While Trump has sought to jump in front of issues regarding reproductive rights, backing IVF and stating that he doesn’t support a national abortion ban, Biden and Vice President Kamala Harris have hammed the GOP over abortion, warning voters that Trump and congressional Republicans cannot be trusted on the issue.

Biden and Harris are already throttling Trump over the issue as they campaign in states like North Carolina and Arizona — where the state’s near-total abortion ban was recently repealed by the GOP-controlled legislature after immense pressure from Democrats.

Gaza will also be a defining issue

Biden’s handling of the Israel-Hamas war has divided many Democrats, with young voters overwhelmingly opposed to US support for Israel.

The administration’s actions have contributed to Biden’s increased vulnerability in swing states. Young voters have responded to the conflict through high-profile demonstrations on college campuses and universities across the country — notably at Columbia University in New York, where an encampment on the Ivy League campus drew international attention for the intensity of student protests against the war. (The encampment was disbanded earlier this week.)
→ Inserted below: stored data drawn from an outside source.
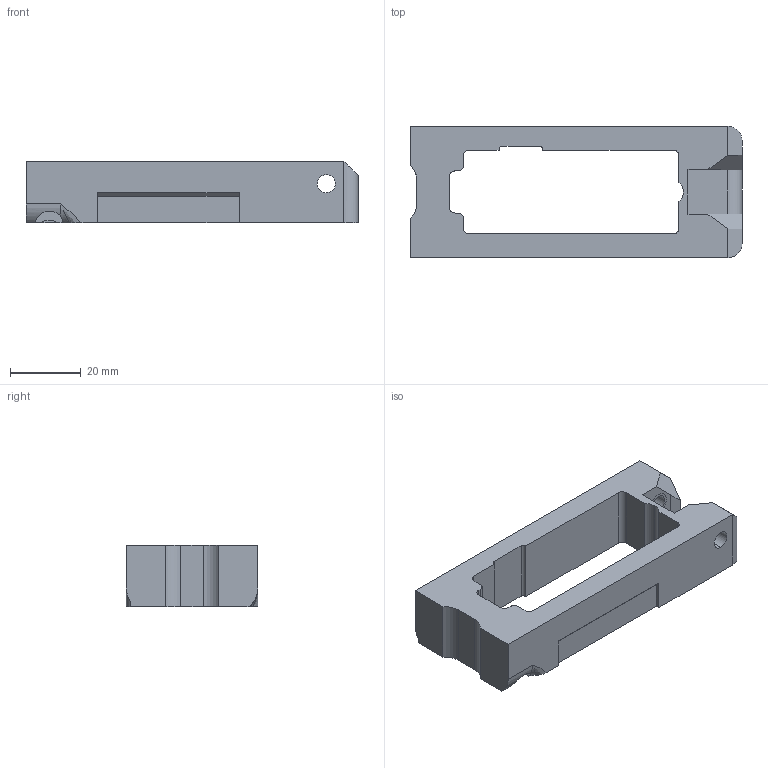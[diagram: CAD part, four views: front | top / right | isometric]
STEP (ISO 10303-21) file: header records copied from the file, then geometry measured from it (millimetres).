
FILE_DESCRIPTION (( 'STEP AP214' ), '1' );
FILE_NAME ('Magwell_1_1_Modified.step', '2019-12-18T03:08:09', ( '' ), ( '' ), 'SwSTEP 2.0', 'SolidWorks 2019', '' );
FILE_SCHEMA (( 'AUTOMOTIVE_DESIGN' ));
Length unit declared in the file: millimetre
Products named in the file (1): Magwell_1_1_Modified
Bounding box: 93.83 x 37.13 x 17.46 mm (x, y, z)
Volume: 29654.4 mm3; surface area: 12224.8 mm2
Topology: 2 solids, 2 shells, 106 faces, 320 edges, 208 vertices
Faces by surface type: plane 49, cylinder 33, sphere 22, bspline 1, torus 1
Entity records: 3449 total; most frequent: CARTESIAN_POINT 702, DIRECTION 585, ORIENTED_EDGE 550, EDGE_CURVE 275, AXIS2_PLACEMENT_3D 216, VERTEX_POINT 186, LINE 153, VECTOR 153

In Michigan, which was won by Trump in 2016 before flipping to Biden in 2020, the incumbent president continues to face intense backlash from the state’s sizable Arab-American population — as well as many base Democrats — over Gaza.

For months, many of these voters have called for a permanent cease-fire, and some have withheld their support of Biden in the Democratic primaries over the issue. In February, over 100,000 Michigan primary voters selected “uncommitted” rather than vote for the president. Many of these voters backed Biden in 2020 but say their support of the president is not guaranteed in November.

It’s a scenario proving difficult for Biden as he works to navigate one of the defining foreign policy issues of the moment while responding to voter frustration and anger over the humanitarian crisis in Gaza.

And it could very well decide the outcome of the election.